(Record set Opens)

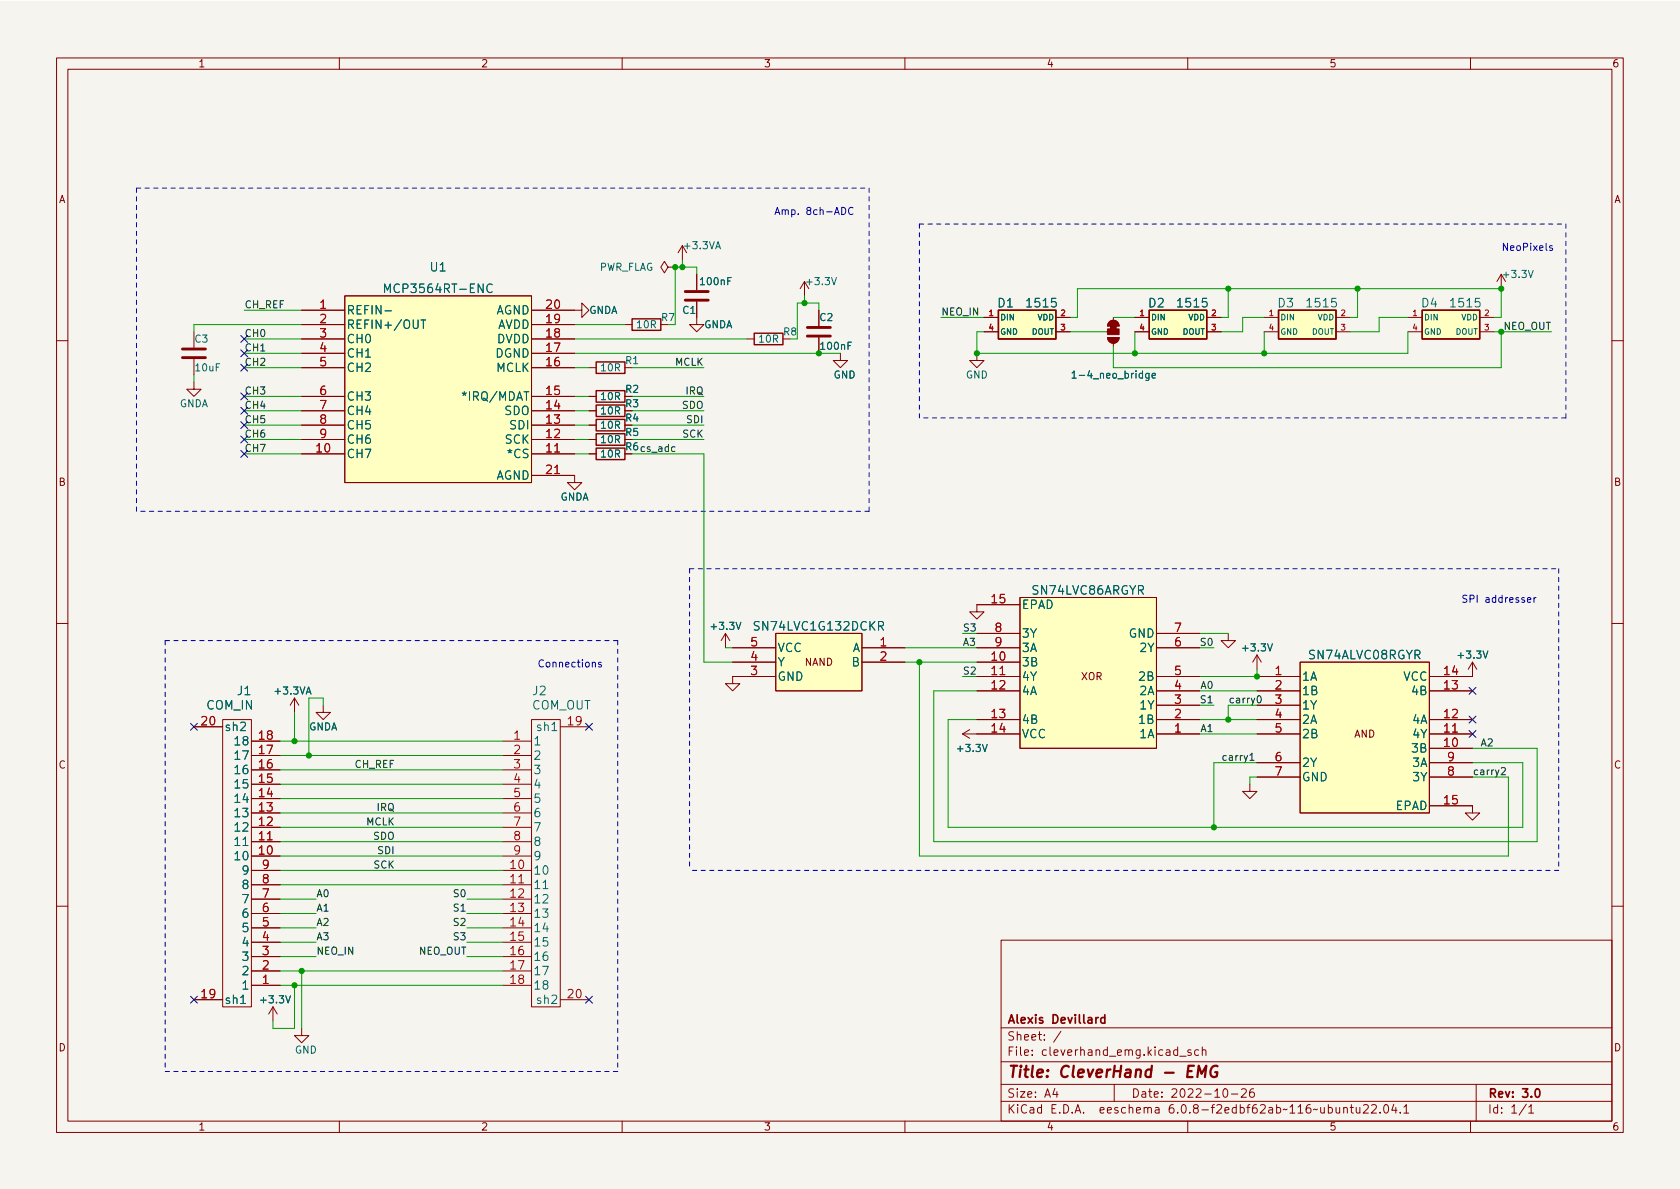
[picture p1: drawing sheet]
<svg xmlns="http://www.w3.org/2000/svg" width="297mm" height="210mm" viewBox="0 0 297 210" stroke-linecap="round" stroke-linejoin="round" font-family="sans-serif">
<path d="M0 .2h297v210.1h-297z" fill="#f5f4ef" stroke="#f5f4ef" stroke-width=".18"/>
<g fill="none" stroke="#840000" stroke-width=".18">
<path d="M10 10.2h277v190.1h-277zM12 12.2h273v186.1h-273zM60 10.2v2M110 10.2v2M160 10.2v2M210 10.2v2M260 10.2v2M34.3 58.7v2.8M53.3 57.4h7.7M53.3 54.9h7.7M53.3 59.9h7.7M61 52.3h33v33h-33z"/>
<path d="M94 54.9h8.9v-1.3l1.2 1.3-1.2 1.2v-1.2M94 57.4h7.6M94 59.9h7.6M110.5 57.4h1.3M116.8 57.4h1.3M118.1 47.2l-.6-1-.7 1 .7 1.1 .6-1.1h1.3M119.4 47.2h.1M119.9 44.7l.7-1.3v2.6M123.2 53.3v4.1h1.3l-1.3 1.3-1.3-1.3h1.3M123.2 48.5v2.8M132.1 59.9h1.2M142.2 49.8l-.7 1.2"/>
<path d="M142.2 49.8v2.5M142.2 49.8l.8 1.2M144.8 54.9v2.8M144.8 59.7v2.8M174 56.1h2.5M174 58.7h2.5M186.7 56.1h2.5M186.7 58.7h2.5M195.6 58.7h.2M195.8 59.7h2.1a1.02 1.02 0 0 1-1.1 1 1.02 1.02 0 0 1-1-1zM196.1 56.9a1.02 1.02 0 0 1 1.1-.2 1.02 1.02 0 0 1 .7 1h-2.1zM196.8 56.1v.5"/>
<path d="M200.7 56.1h2.5M200.7 58.7h2.5M213.4 56.1h2.5M213.4 58.7h2.5M223.5 56.1h2.6M223.5 58.7h2.6M236.2 56.1h2.6M236.2 58.7h2.6M248.9 56.1h2.6M248.9 58.7h2.6M261.6 56.1h2.6M261.6 58.7h2.6"/>
<path d="M265.4 48.5l-.7 1.3M265.4 48.5v2.5M265.4 48.5l.8 1.3M10 60.2h2M34.3 67.6v1.2h1.3l-1.3 1.3-1.3-1.3h1.3M34.3 63.5v2.8M53.3 77.7h7.7M53.3 65h7.7M53.3 75.2h7.7M53.3 70.1h7.7M53.3 72.6h7.7M53.3 62.5h7.7"/>
<path d="M94 77.7h7.6M94 65h7.6M94 75.2h7.6M94 70.1h7.6M94 72.6h7.6M94 62.5h7.6M104.1 77.7h1.3M104.1 65h1.3M104.1 75.2h1.3M104.1 70.1h1.3M104.1 72.6h1.3M110.5 65h1.3"/>
<path d="M110.5 75.2h1.3M110.5 70.1h1.3M148.6 62.5v1.2h1.3l-1.3 1.3-1.3-1.3h1.3M172.7 62.5v1.2h1.3l-1.3 1.3-1.3-1.3h1.3M196.8 60.7v.5M285 60.2h2M53.3 80.3h7.7M94 84.1h7.6v1.2h1.3l-1.3 1.3-1.3-1.3h1.3M94 80.3h7.6M104.1 80.3h1.3M10 110.2h2M128.3 112l-.8 1.3"/>
<path d="M128.3 112v2.5M128.3 112l.7 1.3M129.5 114.5h7.7M129.5 117.1h7.7M137.2 112h15.2v10.2h-15.2zM137.2 119.6h-7.7v1.3h1.3l-1.3 1.3-1.2-1.3h1.2M152.4 114.5h7.6M152.4 117.1h7.6M172.7 114.5h7.6M172.7 117.1h7.6M172.7 119.6h7.6M172.7 112h7.6"/>
<path d="M180.3 105.7h24.2v26.6h-24.2zM180.3 106.9h-7.6v1.3h1.3l-1.3 1.3-1.3-1.3h1.3M204.5 114.5h7.6M204.5 119.6h7.6M204.5 112h7.6M217.2 112v1.3h1.2l-1.2 1.2-1.3-1.2h1.3M222.2 119.6h7.7M222.2 115.8l-.7 1.3M222.2 115.8v2.6M222.2 115.8l.8 1.3M229.9 117.1h22.8v26.7h-22.8zM260.3 117.1l-.7 1.3"/>
<path d="M260.3 117.1v2.5h-7.6M260.3 117.1l.8 1.3M285 110.2h2M34.3 128.5h5.1M39.4 127.2h5v50.8h-5zM44.4 138.7h5.1M44.4 136.1h5.1M44.4 133.6h5.1M44.4 131.1h5.1M52.1 123.4l-.8 1.3M52.1 123.4v2.6M52.1 123.4l.7 1.3"/>
<path d="M57.1 124.7v1.3h1.3l-1.3 1.2-1.2-1.2h1.2M88.9 138.7h5.1M88.9 136.1h5.1M88.9 133.6h5.1M88.9 131.1h5.1M94 127.2h5.1v50.8h-5.1zM99.1 128.5h5M170.2 129.8h10.1M170.2 129.8l1.2 .8M171.4 129l-1.2 .8M172.7 122.2h7.6M172.7 127.2h7.6"/>
<path d="M204.5 129.8h7.6M204.5 122.2h7.6M204.5 127.2h7.6M204.5 124.7h7.6M221 138.7v1.2h1.2l-1.2 1.3-1.3-1.3h1.3M222.2 129.8h7.7M222.2 122.2h7.7M222.2 127.2h7.7M222.2 124.7h7.7M222.2 134.9h7.7M222.2 137.4h7.7M252.7 129.8h7.6"/>
<path d="M252.7 122.2h7.6M252.7 127.2h7.6M252.7 132.3h7.6M252.7 134.9h7.6M252.7 137.4h7.6M44.4 151.4h5.1M44.4 148.8h5.1M44.4 146.3h5.1M44.4 143.8h5.1M44.4 141.2h5.1M44.4 159h5.1M44.4 156.5h5.1"/>
<path d="M44.4 153.9h5.1M88.9 151.4h5.1M88.9 148.8h5.1M88.9 146.3h5.1M88.9 143.8h5.1M88.9 141.2h5.1M88.9 159h5.1M88.9 156.5h5.1M88.9 153.9h5.1M252.7 142.5h7.6v1.3h1.3l-1.3 1.2-1.2-1.2h1.2M10 160.2h2M34.3 176.8h5.1"/>
<path d="M44.4 174.2h5.1M44.4 171.7h5.1M44.4 169.2h5.1M44.4 166.6h5.1M44.4 164.1h5.1M44.4 161.5h5.1M48.3 178l-.8 1.3M48.3 178v2.6M48.3 178l.7 1.3M88.9 174.2h5.1M88.9 171.7h5.1M88.9 169.2h5.1"/>
<path d="M88.9 166.6h5.1M88.9 164.1h5.1M88.9 161.5h5.1M99.1 176.8h5M177 166.3h108v32h-108zM285 160.2h2M53.3 181.9v1.2h1.3l-1.3 1.3-1.2-1.3h1.2M60 198.3v2M110 198.3v2M160 198.3v2M177 194.8h108M177 191.8h108"/>
<path d="M177 187.8h108M177 181.8h108M186.5 192.5l-.4 1h1M186.9 193v1M187.6 182.4l-1.3 1.9M197 191.8v3M208.6 186.8h1.1M210 198.3v2M210.6 185.7l-.4-.1-.2 .2 .1 .3 .5 .1v.4h-.6M211.9 185.7l-.4-.1-.3 .3v.4l.2 .3h.5M212.6 185.8l.2-.2 .3 .1 .1 .9M212.6 185.1v1.5"/>
<path d="M216.4 192.6l.2-.1a.81 .81 0 0 1 .6 .7 .81 .81 0 0 1-.3 .8h-.2a.81 .81 0 0 1-.6-.6 .81 .81 0 0 1 .3-.8zM217.7 193.5h1.2M219.5 192.7l.6-.2 .2 .2 .1 .3-1 1h1M221.6 192.5a.59 .59 0 0 0-.7 .7v.5l.2 .3h.4l.2-.1 .1-.5-.2-.2-.4-.1-.3 .3M237.6 196l.2-.2 .3 .1 .1 .9M237.6 195.8v1M238.7 195.8h.6M238.9 195.3v1.3l.4 .2M239.8 195.8l.1 1h.3l.2-.1M240.4 195.8v1M241.1 195.5l.5-.2 .3 .2v.3l-.9 1h.9M242.5 195.5l.6-.2 .2 .2 .1 .3-1 1h1"/>
<path d="M244 196.7v.1M244.8 195.5l.2-.2a.81 .81 0 0 1 .6 .7 .81 .81 0 0 1-.3 .8h-.2a.81 .81 0 0 1-.3-1.3zM246.4 195.3l-.3 1h.9M246.8 195.8v1M247.6 196.7v.1M248.2 195.8l.4-.5v1.5M248.2 196.8h.9M260 198.3v2M261 191.8v6.5M269.9 195.3l-1.3 1.9M270.3 195.8l.4-.5v1.5M270.3 196.8h.9"/>
</g>
<path d="M194.2 179.9l-.3 .1-.1 .2M195.3 179.4v1.5M195.3 180l-.4-.1-.3 .3v.4l.2 .3h.5M271.6 192.6l.2-.1a.82 .82 0 0 1 .6 .7 .82 .82 0 0 1-.3 .8h-.2a.81 .81 0 0 1-.6-.6 .81 .81 0 0 1 .3-.8z" fill="none" stroke="#840000" stroke-width=".3"/>
<path d="M211.1 188.5h-1l-.2 2h.9M211.7 190.5l.3-2 .4 1.4 .9-1.4-.3 2M215.3 188.6a1.02 1.02 0 0 0-1.3 .6 1.02 1.02 0 0 0 .6 1.3l.6-.2v-.7h-.3" fill="none" stroke="#840000" stroke-width=".4"/>
<path d="M111.8 56.4h5v2h-5zM133.3 58.9h5.1v2.1h-5.1zM176.5 54.9h10.2v5h-10.2zM203.2 54.9h10.2v5h-10.2zM226.1 54.9h10.1v5h-10.1zM251.5 54.9h10.1v5h-10.1zM105.4 76.7h5.1v2h-5.1zM105.4 64h5.1v2h-5.1zM105.4 74.2h5.1v2h-5.1zM105.4 69.1h5.1v2h-5.1zM105.4 71.6h5.1v2.1h-5.1zM105.4 79.2h5.1v2.1h-5.1z" fill="none" stroke="#840000" stroke-width=".25"/>
<g fill="#ffffc2" stroke="#ffffc2" stroke-width=".18">
<path d="M137.2 112h15.2v10.2h-15.2z"/>
<path d="M180.3 105.7h24.2v26.6h-24.2z"/>
<path d="M176.5 54.9h10.2v5h-10.2z"/>
<path d="M226.1 54.9h10.1v5h-10.1z"/>
<path d="M251.5 54.9h10.1v5h-10.1z"/>
<path d="M61 52.3h33v33h-33z"/>
<path d="M203.2 54.9h10.2v5h-10.2z"/>
<path d="M229.9 117.1h22.8v26.7h-22.8z"/>
</g>
<path d="M121.2 51.6h4M121.2 53.1h4M142.7 59.4h4.1M142.7 57.9h4.1M32.3 63.2h4M32.3 61.7h4" fill="none" stroke="#840000" stroke-width=".51"/>
<path d="M68 51.7v-1.5l.5 1.1 .5-1.1v1.5M68.1 55h1.1M74.4 56.6h.9M74.8 56.6v1.5M87 50.4a.61 .61 0 0 0-.7 0 .61 .61 0 0 0-.2 .7 .57 .57 0 0 0 .3 .6 .57 .57 0 0 0 .6-.1M81.7 69.5l.4 .1 .3-.1M81.9 69.9l.2-.3 .2 .3M189.6 66l.3-.4v1.3M189.6 66.9h.7M203.7 66.4l.6-.1-.1-.2-.3-.1-.2 .2 .1 .6h.4M96 157.1h.9M42.6 177.5h.8" fill="none" stroke="#006464" stroke-width=".18"/>
<g fill="#840000" stroke="#840000" stroke-width=".18">
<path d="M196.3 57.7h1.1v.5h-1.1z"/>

(Record set Closes)

Could you repeat, exactly and with nothing added, the lines from the top of the entries above through the line that holds "10.2h277v190.1h-277zM12 12.2h273v186.1h-273zM60 10.2v2M110", leaving out any pictures?

[picture p1: drawing sheet]
<svg xmlns="http://www.w3.org/2000/svg" width="297mm" height="210mm" viewBox="0 0 297 210" stroke-linecap="round" stroke-linejoin="round" font-family="sans-serif">
<path d="M0 .2h297v210.1h-297z" fill="#f5f4ef" stroke="#f5f4ef" stroke-width=".18"/>
<g fill="none" stroke="#840000" stroke-width=".18">
<path d="M10 10.2h277v190.1h-277zM12 12.2h273v186.1h-273zM60 10.2v2M110 10.2v2M160 10.2v2M210 10.2v2M260 10.2v2M34.3 58.7v2.8M53.3 57.4h7.7M53.3 54.9h7.7M53.3 59.9h7.7M61 52.3h33v33h-33z"/>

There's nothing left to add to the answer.